Populist challenges to the Euro
There are waves of voters on the continent wanting substantial change to the Euro scheme which lies at the heart of Project EU. The endless austerity policies designed by Germany to avoid the need for substantial transfer payments from the richer parts of the zone to the poorer parts are universally unpopular in the south and west of the EU. Voters swept aside the two traditional main parties in Greece, only to see their chosen champions Syriza blown away by a resolute EU defence of austerity. In Italy now a populist government has been formed, as 5 Star and Lega have almost destroyed the two traditional centre left and centre right parties of that country. In Spain Cuidadanos and Podemos are on the march again and poised to do well from any early election. Even in fortress Germany herself, the home of Euro orthodoxy, a growing impatience with just how much Germany is nonetheless committed to has led to the worst ever result for the two traditional parties in the last general election.
All of these pressures go back to the Maastricht rules and criteria. These rules still have some sway in the UK, a non Euro member. The UK Treasury has used the budget discipline rules to require progressive reduction of our deficit, with the aim of starting to reduce the debt as a proportion of our national income. I often support the policy of controlling public spending and debt, and agree it should not be allowed to get out of control. I do not support our subservience to an inflexible EU rule that pays little attention to the state of the cycle, the level of unemployment and none to the tightness of monetary policy. Today tight fiscal policy in the UK is reinforcing tight monetary policy with the inevitable slowing of the economy we saw in Quarter 1. I think we need to look at all of these things together to get the right policy trade offs between inflation, output and future debt levels. A lot of Maastricht thinking is based on the pre crisis European economies. Today with mass migrations affecting wage inflation, and the liberal global supply of goods and services keeping down prices, the old identities that full capacity automatically led to high inflation do not work.
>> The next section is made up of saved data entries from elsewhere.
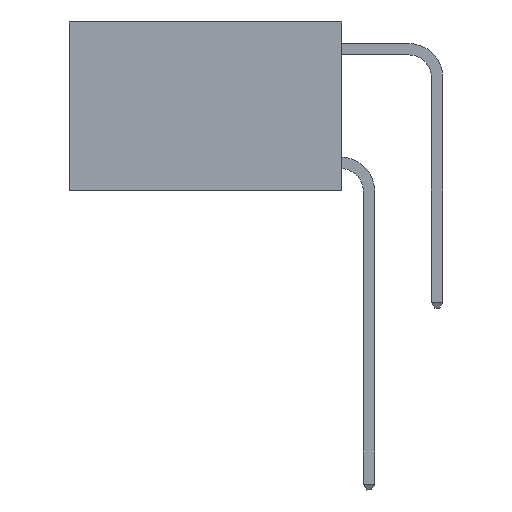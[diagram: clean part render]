
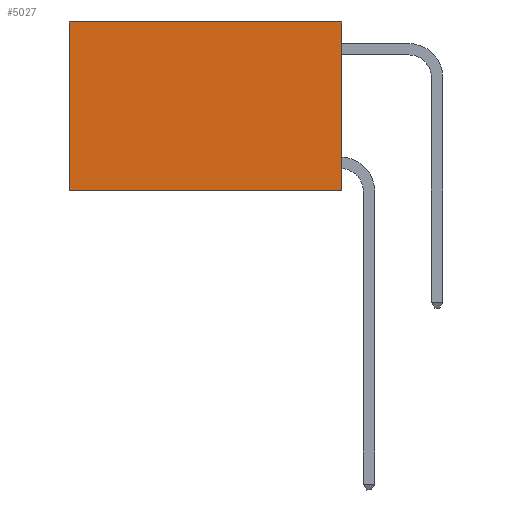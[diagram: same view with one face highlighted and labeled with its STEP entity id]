
A CAD part, left-side view. The second image highlights one B-rep face of the part: STEP entity #5027.
In plain terms, the highlighted planar face has unit normal (-1, 0, 0).
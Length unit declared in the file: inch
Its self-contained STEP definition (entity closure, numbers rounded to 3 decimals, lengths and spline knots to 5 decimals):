
#162 = ORIENTED_EDGE ( 'NONE', *, *, #10912, .F. ) ;
#1249 = VERTEX_POINT ( 'NONE', #4158 ) ;
#1262 = LINE ( 'NONE', #3525, #5810 ) ;
#1454 = EDGE_CURVE ( 'NONE', #1249, #8478, #1262, .T. ) ;
#1760 = LINE ( 'NONE', #9374, #3590 ) ;
#2109 = CARTESIAN_POINT ( 'NONE',  ( 0.2625, 0., 0. ) ) ;
#2113 = DIRECTION ( 'NONE',  ( 0., 0., -1. ) ) ;
#2504 = EDGE_CURVE ( 'NONE', #9211, #6793, #7314, .T. ) ;
#2593 = ORIENTED_EDGE ( 'NONE', *, *, #2504, .F. ) ;
#2800 = VECTOR ( 'NONE', #2113, 39.37008 ) ;
#3376 = CARTESIAN_POINT ( 'NONE',  ( 0.2625, 0.6, -0.37 ) ) ;
#3525 = CARTESIAN_POINT ( 'NONE',  ( 0.2625, 0.6, 0. ) ) ;
#3590 = VECTOR ( 'NONE', #4918, 39.37008 ) ;
#4013 = DIRECTION ( 'NONE',  ( 0., 0., -1. ) ) ;
#4158 = CARTESIAN_POINT ( 'NONE',  ( 0.2625, 0.6, 0. ) ) ;
#4739 = EDGE_LOOP ( 'NONE', ( #9464, #162, #2593, #7389 ) ) ;
#4918 = DIRECTION ( 'NONE',  ( 0., 1., 0. ) ) ;
#5027 = ADVANCED_FACE ( 'NONE', ( #10997 ), #11418, .F. ) ;
#5810 = VECTOR ( 'NONE', #4013, 39.37008 ) ;
#6793 = VERTEX_POINT ( 'NONE', #7033 ) ;
#7033 = CARTESIAN_POINT ( 'NONE',  ( 0.2625, 0., -0.37 ) ) ;
#7314 = LINE ( 'NONE', #2109, #2800 ) ;
#7389 = ORIENTED_EDGE ( 'NONE', *, *, #9835, .T. ) ;
#7841 = DIRECTION ( 'NONE',  ( 0., 1., 0. ) ) ;
#8261 = VECTOR ( 'NONE', #7841, 39.37008 ) ;
#8478 = VERTEX_POINT ( 'NONE', #3376 ) ;
#8542 = LINE ( 'NONE', #9615, #8261 ) ;
#9211 = VERTEX_POINT ( 'NONE', #11476 ) ;
#9341 = AXIS2_PLACEMENT_3D ( 'NONE', #11169, #11131, #11105 ) ;
#9374 = CARTESIAN_POINT ( 'NONE',  ( 0.2625, 0., -0.37 ) ) ;
#9464 = ORIENTED_EDGE ( 'NONE', *, *, #1454, .T. ) ;
#9615 = CARTESIAN_POINT ( 'NONE',  ( 0.2625, 0., 0. ) ) ;
#9835 = EDGE_CURVE ( 'NONE', #9211, #1249, #8542, .T. ) ;
#10912 = EDGE_CURVE ( 'NONE', #6793, #8478, #1760, .T. ) ;
#10997 = FACE_OUTER_BOUND ( 'NONE', #4739, .T. ) ;
#11105 = DIRECTION ( 'NONE',  ( 0., 0., -1. ) ) ;
#11131 = DIRECTION ( 'NONE',  ( 1., 0., 0. ) ) ;
#11169 = CARTESIAN_POINT ( 'NONE',  ( 0.2625, 0., 0. ) ) ;
#11418 = PLANE ( 'NONE',  #9341 ) ;
#11476 = CARTESIAN_POINT ( 'NONE',  ( 0.2625, 0., 0. ) ) ;
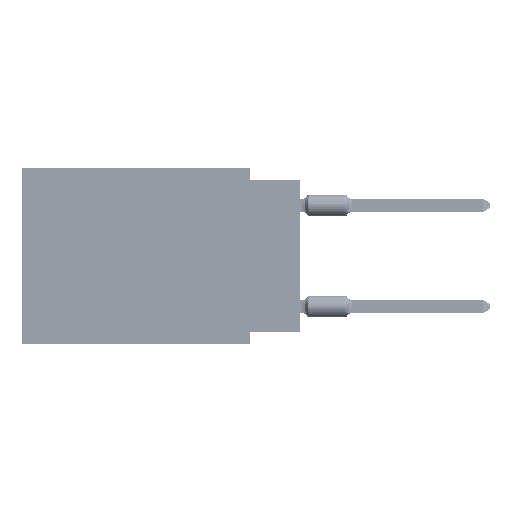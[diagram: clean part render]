
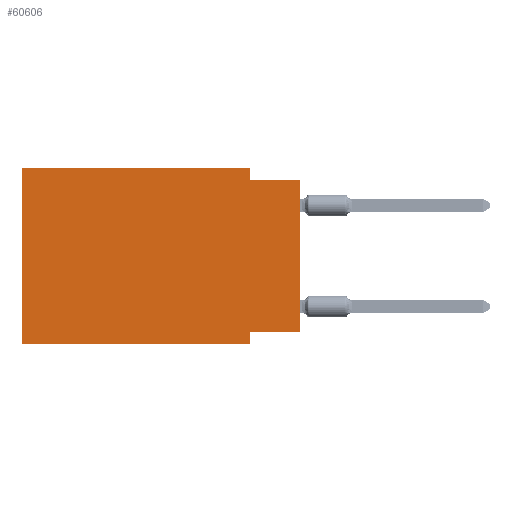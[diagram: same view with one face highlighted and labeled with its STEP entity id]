
A CAD part, left-side view. The second image highlights one B-rep face of the part: STEP entity #60606.
In plain terms, the highlighted planar face has unit normal (-1, 0, 0).
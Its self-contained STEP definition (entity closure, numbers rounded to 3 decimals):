
#1223 = CARTESIAN_POINT ( 'NONE',  ( 0., 2.54, -8.89 ) ) ;
#2931 = DIRECTION ( 'NONE',  ( 0., 0., -1. ) ) ;
#3795 = EDGE_CURVE ( 'NONE', #69957, #33056, #82782, .T. ) ;
#10123 = EDGE_CURVE ( 'NONE', #18246, #51111, #62664, .T. ) ;
#10234 = CARTESIAN_POINT ( 'NONE',  ( 0., 0., -0.635 ) ) ;
#13453 = CARTESIAN_POINT ( 'NONE',  ( 0., 0., 0. ) ) ;
#14344 = VECTOR ( 'NONE', #27482, 1000. ) ;
#14553 = ORIENTED_EDGE ( 'NONE', *, *, #10123, .F. ) ;
#15417 = DIRECTION ( 'NONE',  ( 0., 0., 1. ) ) ;
#16967 = ORIENTED_EDGE ( 'NONE', *, *, #3795, .F. ) ;
#17239 = LINE ( 'NONE', #10234, #72453 ) ;
#17491 = DIRECTION ( 'NONE',  ( 0., 0., -1. ) ) ;
#17976 = VECTOR ( 'NONE', #69171, 1000. ) ;
#18246 = VERTEX_POINT ( 'NONE', #48519 ) ;
#20127 = ORIENTED_EDGE ( 'NONE', *, *, #71473, .F. ) ;
#22042 = CARTESIAN_POINT ( 'NONE',  ( 0., 2.54, -0.635 ) ) ;
#22170 = ORIENTED_EDGE ( 'NONE', *, *, #84934, .F. ) ;
#27482 = DIRECTION ( 'NONE',  ( 0., 0., 1. ) ) ;
#30623 = EDGE_CURVE ( 'NONE', #40565, #37002, #17239, .T. ) ;
#31698 = VERTEX_POINT ( 'NONE', #58397 ) ;
#32680 = DIRECTION ( 'NONE',  ( 0., 0., -1. ) ) ;
#33056 = VERTEX_POINT ( 'NONE', #43773 ) ;
#36189 = CARTESIAN_POINT ( 'NONE',  ( 0., 0., -0.635 ) ) ;
#37002 = VERTEX_POINT ( 'NONE', #36189 ) ;
#38524 = DIRECTION ( 'NONE',  ( 1., 0., 0. ) ) ;
#38753 = LINE ( 'NONE', #83112, #63150 ) ;
#40565 = VERTEX_POINT ( 'NONE', #22042 ) ;
#40671 = CARTESIAN_POINT ( 'NONE',  ( 0., 13.97, 0. ) ) ;
#43773 = CARTESIAN_POINT ( 'NONE',  ( 0., 2.54, -8.89 ) ) ;
#44268 = VECTOR ( 'NONE', #77678, 1000. ) ;
#45321 = CARTESIAN_POINT ( 'NONE',  ( 0., 13.97, -8.89 ) ) ;
#48498 = ORIENTED_EDGE ( 'NONE', *, *, #30623, .F. ) ;
#48519 = CARTESIAN_POINT ( 'NONE',  ( 0., 13.97, -8.89 ) ) ;
#48737 = LINE ( 'NONE', #84699, #44268 ) ;
#48868 = ORIENTED_EDGE ( 'NONE', *, *, #89781, .T. ) ;
#49436 = LINE ( 'NONE', #13453, #14344 ) ;
#51111 = VERTEX_POINT ( 'NONE', #65652 ) ;
#54080 = EDGE_LOOP ( 'NONE', ( #48868, #48498, #22170, #64430, #14553, #75554, #16967, #20127 ) ) ;
#54401 = VECTOR ( 'NONE', #2931, 1000. ) ;
#58397 = CARTESIAN_POINT ( 'NONE',  ( 0., 2.54, 0. ) ) ;
#60606 = ADVANCED_FACE ( 'NONE', ( #67014 ), #81933, .F. ) ;
#62664 = LINE ( 'NONE', #91142, #76156 ) ;
#63150 = VECTOR ( 'NONE', #32680, 1000. ) ;
#63511 = CARTESIAN_POINT ( 'NONE',  ( 0., 0., -8.255 ) ) ;
#64430 = ORIENTED_EDGE ( 'NONE', *, *, #66956, .F. ) ;
#65652 = CARTESIAN_POINT ( 'NONE',  ( 0., 13.97, 0. ) ) ;
#66956 = EDGE_CURVE ( 'NONE', #51111, #31698, #76168, .T. ) ;
#67014 = FACE_OUTER_BOUND ( 'NONE', #54080, .T. ) ;
#67231 = DIRECTION ( 'NONE',  ( 0., -1., 0. ) ) ;
#68395 = CARTESIAN_POINT ( 'NONE',  ( 0., 13.97, 0. ) ) ;
#69171 = DIRECTION ( 'NONE',  ( 0., -1., 0. ) ) ;
#69957 = VERTEX_POINT ( 'NONE', #86604 ) ;
#71473 = EDGE_CURVE ( 'NONE', #80041, #69957, #48737, .T. ) ;
#72453 = VECTOR ( 'NONE', #67231, 1000. ) ;
#72885 = LINE ( 'NONE', #45321, #73375 ) ;
#73375 = VECTOR ( 'NONE', #87341, 1000. ) ;
#75554 = ORIENTED_EDGE ( 'NONE', *, *, #84704, .T. ) ;
#76156 = VECTOR ( 'NONE', #15417, 1000. ) ;
#76168 = LINE ( 'NONE', #40671, #17976 ) ;
#77678 = DIRECTION ( 'NONE',  ( 0., 1., 0. ) ) ;
#80041 = VERTEX_POINT ( 'NONE', #63511 ) ;
#81933 = PLANE ( 'NONE',  #86069 ) ;
#82782 = LINE ( 'NONE', #1223, #54401 ) ;
#83112 = CARTESIAN_POINT ( 'NONE',  ( 0., 2.54, 0. ) ) ;
#84699 = CARTESIAN_POINT ( 'NONE',  ( 0., 0., -8.255 ) ) ;
#84704 = EDGE_CURVE ( 'NONE', #18246, #33056, #72885, .T. ) ;
#84934 = EDGE_CURVE ( 'NONE', #31698, #40565, #38753, .T. ) ;
#86069 = AXIS2_PLACEMENT_3D ( 'NONE', #68395, #38524, #17491 ) ;
#86604 = CARTESIAN_POINT ( 'NONE',  ( 0., 2.54, -8.255 ) ) ;
#87341 = DIRECTION ( 'NONE',  ( 0., -1., 0. ) ) ;
#89781 = EDGE_CURVE ( 'NONE', #80041, #37002, #49436, .T. ) ;
#91142 = CARTESIAN_POINT ( 'NONE',  ( 0., 13.97, 0. ) ) ;
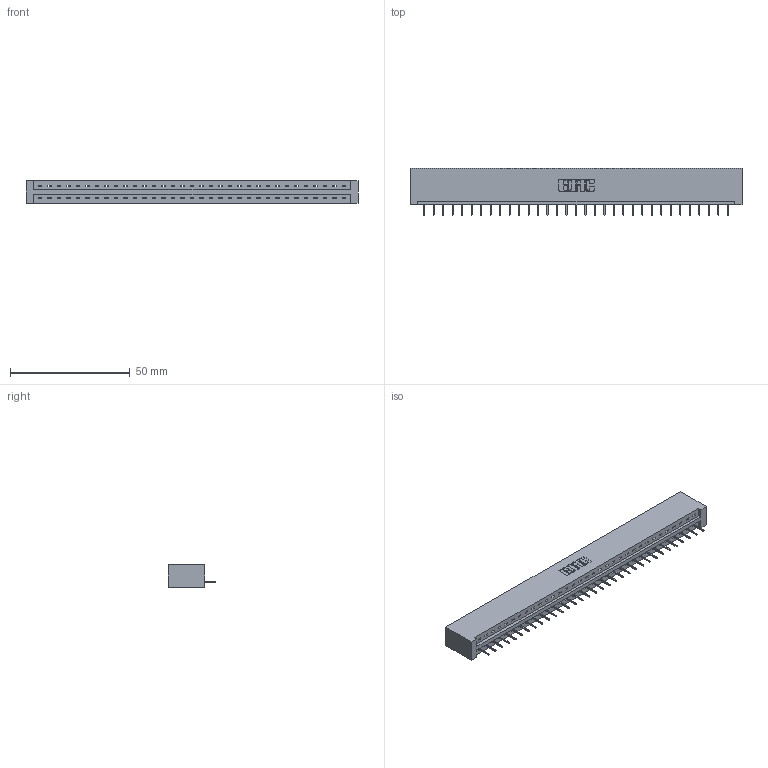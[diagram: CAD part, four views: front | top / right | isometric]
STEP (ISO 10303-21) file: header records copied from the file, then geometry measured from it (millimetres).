
FILE_DESCRIPTION (( 'STEP AP203' ), '1' );
FILE_NAME ('387-033-524-101.STEP', '2019-10-03T21:50:54', ( '' ), ( '' ), 'SwSTEP 2.0', 'SolidWorks 2016', '' );
FILE_SCHEMA (( 'CONFIG_CONTROL_DESIGN' ));
Length unit declared in the file: inch
Products named in the file (3): 337 Part_No Mounting Lugs; 387-033-524-101; 345-292-001_345-293-124
Assembly tree (34 placements, depth 2):
  387-033-524-101
    337 Part_No Mounting Lugs
    345-292-001_345-293-124  x33
Bounding box: 138.63 x 19.69 x 9.4 mm (x, y, z)
Volume: 14904.3 mm3; surface area: 14874.5 mm2
Topology: 34 solids, 34 shells, 2284 faces, 6623 edges, 4282 vertices
Faces by surface type: plane 1782, cylinder 502
Entity records: 25491 total; most frequent: CARTESIAN_POINT 4445, ORIENTED_EDGE 4414, DIRECTION 3753, EDGE_CURVE 2207, VECTOR 2091, LINE 2091, VERTEX_POINT 1466, AXIS2_PLACEMENT_3D 831

Much more serious than our position is the impact these disciplines have had on the south and west of the Euro area. Far from creating stability, the Euro scheme gave Ireland and Spain a wild ride. First it led to a massive boom, with asset inflation on a big scale, over development of property and over extension of bank credit. Then it gave them a big bust, where all of that reversed. In Italy’s case it has given them more than a decade of pitifully low growth and high unemployment. In Greece it has led to a major slump with large falls in living standards. In Cyprus a banking crash led to people not being able to withdraw their Euros from some banks, and suffering losses on larger deposits.
Today the voters of Italy and Spain are saying they want reform of the Euro. They want more latitude to spend more, tax less and borrow more to try to accelerate growth and job creation. It is important how the EU responds. If they seek to do to Italy what they did to Greece, we are all in for a very bumpy ride. What they need to do is to move more rapidly to complete their political union, and to put into it a system of transfers of cash from rich to poor and from surplus to deficit areas. In the UK large sums are moved to the areas that need it via the nationwide benefits system and the Council revenue support grants. That is why the sterling single currency area does not have these periodic crises we see in the Eurozone. If they are not prepared to do this then they need an orderly break up of the zone so deficit countries can devalue against Germany and price themselves back into markets. When they broke up the rouble zone the countries that got out and established their own currencies soon did well out of that reform.